Wolf pressed forward immediately, the movement fluid, predatory. He was already calculating distance, momentum, angle.
Then—
"Flash!"
The single word hit him like a thunderclap.
His world went white—violent, searing white. His sight vanished, burned out by that familiar brilliance.
"Tch—!"
He hissed between teeth, head jerking instinctively to the side, blade rising to guard even though he couldn't see. For a split second his balance faltered. The rush of power he'd built bled into wasted air. His body lagged behind his intent.
And in that flicker of blindness—Hyung-woo was gone.
When Wolf's vision began to clear, all he saw were shadows scattering and the faint shimmer of motion ahead. His ears caught it before his eyes did—footsteps. Not one, not ten—hundreds. The synchronized rhythm of armor and earth trembling under weight.
The air filled with the low thunder of approach.
Wolf barely had time to breathe before he slammed his will into motion.
"Red Tide!" he rasped, not calling it aloud so much as commanding his body.
The world shifted; a thin, dark mist peeled up from the ground and curled around him like an answering tide. It was not the viscous, clotted fog of the first onslaught but the same blood-tinged haze—hot at the edges of his senses, tasting of iron and adrenaline.

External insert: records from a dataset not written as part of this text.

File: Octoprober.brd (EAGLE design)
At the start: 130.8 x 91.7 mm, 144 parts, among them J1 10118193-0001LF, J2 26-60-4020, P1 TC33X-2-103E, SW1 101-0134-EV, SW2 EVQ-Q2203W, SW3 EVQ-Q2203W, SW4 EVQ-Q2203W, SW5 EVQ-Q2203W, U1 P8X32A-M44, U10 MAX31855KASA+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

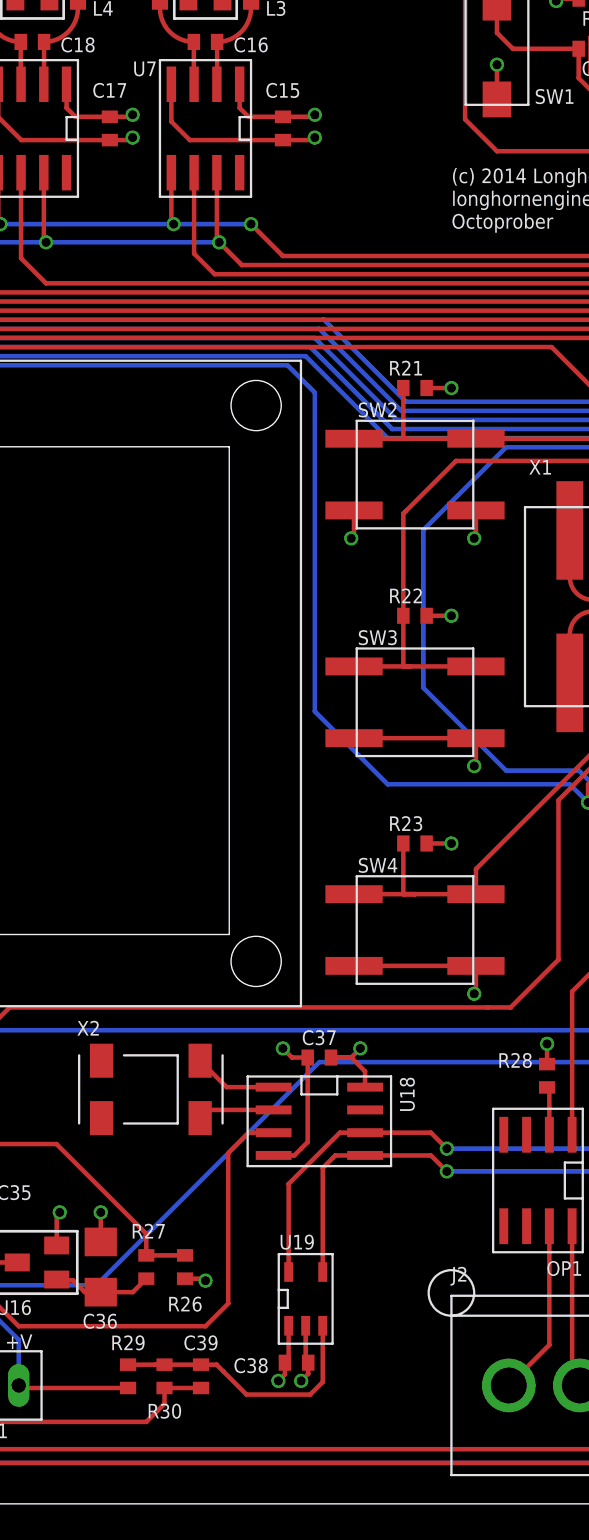
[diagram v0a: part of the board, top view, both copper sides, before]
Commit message: Evened out power traces on C17
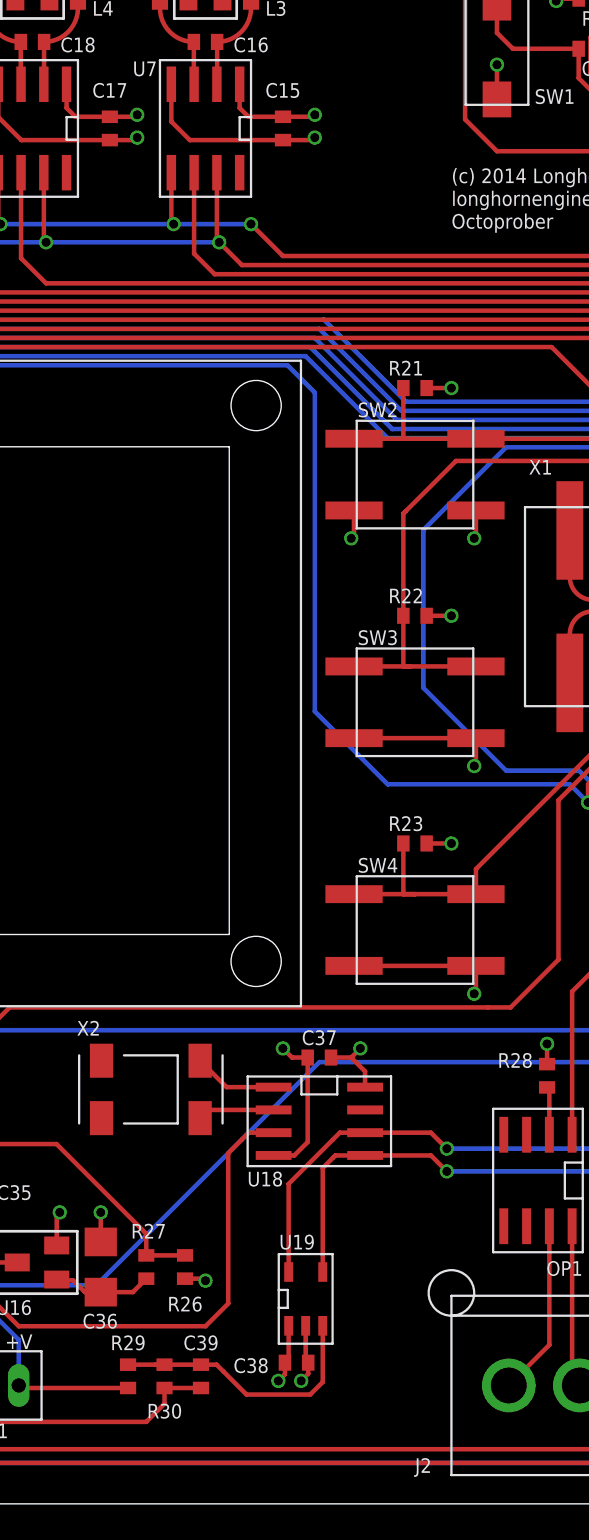
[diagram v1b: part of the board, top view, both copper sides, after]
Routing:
- net 3.3V: track 257.7 -> 256.8 mm
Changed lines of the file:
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@@
 </element>
 <element name="U$2" library="PP_Aesthetics" package="OCTOPROBER_LOGO" value="OCTOPROBER_LOGONORMAL" x="0.508" y="7.112"/>
-<element name="J2" library="PP_Connectors" package="MOLEX_KK_2" value="26-60-4020" x="101.854" y="6.604"/>
+<element name="J2" library="PP_Connectors" package="MOLEX_KK_2" value="26-60-4020" x="101.854" y="6.604" smashed="yes">
+<attribute name="NAME" x="94.742" y="1.7272" size="0.8128" layer="21" font="vector"/>
+</element>
 <element name="OP1" library="PP_DigitalIC" package="SOIC-8" value="ACPL-227" x="101.6" y="18.034" rot="R180"/>
 <element name="R28" library="PP_Passives" package="0402" value="120" x="102.108" y="23.876" smashed="yes" rot="R270">
@@
 <attribute name="NAME" x="15.748" y="87.738" size="0.8128" layer="21" font="vector"/>
 </element>
-<element name="U18" library="PP_DigitalIC" package="SOIC-8" value="DS1340Z-33+" x="89.408" y="21.336" rot="R270"/>
+<element name="U18" library="PP_DigitalIC" package="SOIC-8" value="DS1340Z-33+" x="89.408" y="21.336" smashed="yes" rot="R270">
+<attribute name="NAME" x="85.384" y="17.708" size="0.8128" layer="21" font="vector"/>
+</element>
 <element name="C37" library="PP_Passives" package="0402" value="0.1uF" x="89.408" y="24.892" smashed="yes" rot="R180">
 <attribute name="NAME" x="88.427" y="25.5905" size="0.8128" layer="25" font="vector"/>
@@
 <wire x1="49.53" y1="77.47" x2="59.436" y2="77.47" width="0.254" layer="2"/>
 <wire x1="59.436" y1="77.47" x2="69.342" y2="77.47" width="0.254" layer="2"/>
-<wire x1="69.342" y1="77.47" x2="78.994" y2="77.47" width="0.254" layer="2"/>
-<wire x1="78.994" y1="77.47" x2="89.154" y2="77.47" width="0.254" layer="2"/>
+<wire x1="69.342" y1="77.47" x2="79.248" y2="77.47" width="0.254" layer="2"/>
+<wire x1="79.248" y1="77.47" x2="89.154" y2="77.47" width="0.254" layer="2"/>
 <wire x1="27.178" y1="77.358" x2="28.59" y2="77.358" width="0.254" layer="1"/>
 <wire x1="28.59" y1="77.358" x2="28.702" y2="77.47" width="0.254" layer="1"/>
@@
 <wire x1="89.042" y1="77.358" x2="89.154" y2="77.47" width="0.254" layer="1"/>
 <via x="89.154" y="77.47" extent="1-16" drill="0.5"/>
-<wire x1="77.724" y1="77.358" x2="78.882" y2="77.358" width="0.254" layer="1"/>
-<wire x1="78.882" y1="77.358" x2="78.994" y2="77.47" width="0.254" layer="1"/>
-<via x="78.994" y="77.47" extent="1-16" drill="0.5"/>
+<wire x1="77.724" y1="77.358" x2="79.136" y2="77.358" width="0.254" layer="1"/>
+<wire x1="79.136" y1="77.358" x2="79.248" y2="77.47" width="0.254" layer="1"/>
+<via x="79.248" y="77.47" extent="1-16" drill="0.5"/>
 <wire x1="67.818" y1="77.358" x2="69.23" y2="77.358" width="0.254" layer="1"/>
 <wire x1="69.23" y1="77.358" x2="69.342" y2="77.47" width="0.254" layer="1"/>
@@
 <contactref element="U19" pad="2"/>
 <wire x1="88.758" y1="24.892" x2="88.758" y2="20.178" width="0.254" layer="1"/>
-<wire x1="88.758" y1="20.178" x2="88.392" y2="19.812" width="0.254" layer="1"/>
-<wire x1="88.392" y1="19.812" x2="88.011" y2="19.431" width="0.254" layer="1"/>
+<wire x1="88.758" y1="20.178" x2="88.011" y2="19.431" width="0.254" layer="1"/>
 <wire x1="88.011" y1="19.431" x2="86.858" y2="19.431" width="0.254" layer="1"/>
 <wire x1="88.758" y1="24.892" x2="87.884" y2="24.892" width="0.254" layer="1"/>
@@
 <wire x1="49.53" y1="76.2" x2="59.436" y2="76.2" width="0.254" layer="15"/>
 <wire x1="59.436" y1="76.2" x2="69.342" y2="76.2" width="0.254" layer="15"/>
-<wire x1="69.342" y1="76.2" x2="78.994" y2="76.2" width="0.254" layer="15"/>
-<wire x1="78.994" y1="76.2" x2="89.154" y2="76.2" width="0.254" layer="15"/>
+<wire x1="69.342" y1="76.2" x2="79.248" y2="76.2" width="0.254" layer="15"/>
+<wire x1="79.248" y1="76.2" x2="89.154" y2="76.2" width="0.254" layer="15"/>
 <wire x1="89.154" y1="76.2" x2="95.504" y2="76.2" width="0.254" layer="15"/>
 <wire x1="27.178" y1="76.058" x2="28.56" y2="76.058" width="0.254" layer="1"/>
@@
 <wire x1="69.2" y1="76.058" x2="69.342" y2="76.2" width="0.254" layer="1"/>
 <via x="69.342" y="76.2" extent="1-16" drill="0.5"/>
-<wire x1="77.724" y1="76.058" x2="78.852" y2="76.058" width="0.254" layer="1"/>
-<wire x1="78.852" y1="76.058" x2="78.994" y2="76.2" width="0.254" layer="1"/>
-<via x="78.994" y="76.2" extent="1-16" drill="0.5"/>
+<wire x1="77.724" y1="76.058" x2="79.106" y2="76.058" width="0.254" layer="1"/>
+<wire x1="79.106" y1="76.058" x2="79.248" y2="76.2" width="0.254" layer="1"/>
+<via x="79.248" y="76.2" extent="1-16" drill="0.5"/>
 <wire x1="87.376" y1="76.058" x2="89.012" y2="76.058" width="0.254" layer="1"/>
 <wire x1="89.012" y1="76.058" x2="89.154" y2="76.2" width="0.254" layer="1"/>
@@
 <wire x1="91.958" y1="23.241" x2="91.958" y2="24.12" width="0.254" layer="1"/>
 <wire x1="91.958" y1="24.12" x2="91.186" y2="24.892" width="0.254" layer="1"/>
-<wire x1="91.186" y1="24.892" x2="90.058" y2="24.892" width="0.254" layer="1"/>
 <wire x1="90.058" y1="24.892" x2="91.186" y2="24.892" width="0.254" layer="1"/>
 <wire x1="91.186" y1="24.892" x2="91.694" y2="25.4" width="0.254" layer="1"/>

The air hummed with the scent of panic; every inhale felt like drawing smoke into his lungs.
He counted in his head with mechanical calm.
Five seconds.
Five seconds of blindness he already knew would come; five seconds that had to be paid for in motion and blood.
He'd buy the time with pain and fury.
Across the field Hyung-woo's voice cut through, steel and command braided together.
"This is our last chance! Kill him! Even the smallest wound will cripple him—strike together!"
The formation answered.
A rolling rumble of shields, the rattle of spears, the scrape of boot leather. Klion's men—steady, disciplined—shifted, closing the gaps Hyung-woo's shout opened.
Wolf could hear Klion bellow, a single gruff order and the testudo tightened like a living thing, ready to stamp out one man.
Hyung-woo led the charge himself—forward with the point of his sword like a living arrow, his soldiers pressed close, shields interlocked, faces set in white masks of resolve.
Every step they took was a calculation to land the smallest wound that would cascade into his advantage.
Wolf's eyes went red in the fog; pupils pinpricks of lantern flame.
He read the rhythm—shield lift, spear step, the micro-breath before the drive.
Suddenly, a smile bloomed on his face.
It wasn't a crooked smirk, but a wide, gleeful, inhuman grin.
He began to laugh quietly under his breath—a soft "Hngh-hngh" that evolved into a laugh that shook from the depths of his wounded chest.
"Hah... Hahaha!"
The laughter was sharp, violent, almost fracturing. It rose above the clash of shields and the roar of the klion's men.
A frantic amusement surged like a crescendo in the soundtrack to the impending massacre.
He stretched the arm holding his saber forward, dragging the blade's tip across the blood-soaked mud at his feet, as if drawing a final line.
He lifted his head, crimson eyes blazing through the fog, and bellowed with a raw voice, bright like molten iron. The laughter echoed across the entire Field of Blood, a hallmark of the maddest glee in the heart of death.
"Come then! Let's see how beautifully the final trembling lump of flesh will dance! Hahahaha-hahaha!"